*** Information shown ***

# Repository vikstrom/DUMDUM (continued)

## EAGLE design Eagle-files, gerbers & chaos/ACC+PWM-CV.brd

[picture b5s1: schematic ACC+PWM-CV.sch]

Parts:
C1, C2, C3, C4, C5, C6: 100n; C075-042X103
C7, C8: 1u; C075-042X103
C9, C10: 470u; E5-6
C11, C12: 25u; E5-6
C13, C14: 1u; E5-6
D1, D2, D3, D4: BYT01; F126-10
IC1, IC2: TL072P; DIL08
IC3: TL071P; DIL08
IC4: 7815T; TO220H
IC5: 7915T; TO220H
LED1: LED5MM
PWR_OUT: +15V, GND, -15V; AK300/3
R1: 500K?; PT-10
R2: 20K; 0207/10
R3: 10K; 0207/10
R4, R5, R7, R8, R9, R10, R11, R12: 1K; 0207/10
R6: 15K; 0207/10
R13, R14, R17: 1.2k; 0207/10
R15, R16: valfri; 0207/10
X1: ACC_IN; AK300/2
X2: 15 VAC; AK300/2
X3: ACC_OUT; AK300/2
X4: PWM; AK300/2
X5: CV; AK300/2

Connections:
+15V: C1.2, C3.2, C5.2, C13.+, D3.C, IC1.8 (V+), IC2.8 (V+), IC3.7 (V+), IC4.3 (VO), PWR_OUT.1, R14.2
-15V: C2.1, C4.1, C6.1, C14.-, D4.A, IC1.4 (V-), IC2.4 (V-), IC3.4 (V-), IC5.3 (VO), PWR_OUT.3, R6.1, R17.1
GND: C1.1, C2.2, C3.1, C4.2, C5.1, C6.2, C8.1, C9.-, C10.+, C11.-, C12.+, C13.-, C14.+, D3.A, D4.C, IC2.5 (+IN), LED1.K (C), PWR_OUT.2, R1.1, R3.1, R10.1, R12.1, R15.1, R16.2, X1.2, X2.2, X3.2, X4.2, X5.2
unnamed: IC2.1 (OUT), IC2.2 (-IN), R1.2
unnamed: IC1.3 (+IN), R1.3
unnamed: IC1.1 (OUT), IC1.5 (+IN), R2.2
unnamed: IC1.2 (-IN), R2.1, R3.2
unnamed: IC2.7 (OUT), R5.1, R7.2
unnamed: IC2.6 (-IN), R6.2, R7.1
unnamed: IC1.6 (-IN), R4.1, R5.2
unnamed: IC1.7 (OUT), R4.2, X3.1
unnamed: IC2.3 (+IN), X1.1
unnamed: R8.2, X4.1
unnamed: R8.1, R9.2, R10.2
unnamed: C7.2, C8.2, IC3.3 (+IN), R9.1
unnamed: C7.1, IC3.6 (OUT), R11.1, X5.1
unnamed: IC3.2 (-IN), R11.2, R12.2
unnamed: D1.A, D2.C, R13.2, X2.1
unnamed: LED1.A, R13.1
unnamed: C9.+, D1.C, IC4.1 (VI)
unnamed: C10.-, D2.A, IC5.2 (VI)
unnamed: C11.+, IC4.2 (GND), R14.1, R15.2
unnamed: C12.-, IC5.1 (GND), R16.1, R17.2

*** End of Information shown ***

**Required action**. Give again, word for word, the records from their first line to the one with "C13, C14: 1u; E5-6", and leave out all else.

**Solution to this problem**.
# Repository vikstrom/DUMDUM (continued)

## EAGLE design Eagle-files, gerbers & chaos/ACC+PWM-CV.brd

[picture b5s1: schematic ACC+PWM-CV.sch]

Parts:
C1, C2, C3, C4, C5, C6: 100n; C075-042X103
C7, C8: 1u; C075-042X103
C9, C10: 470u; E5-6
C11, C12: 25u; E5-6
C13, C14: 1u; E5-6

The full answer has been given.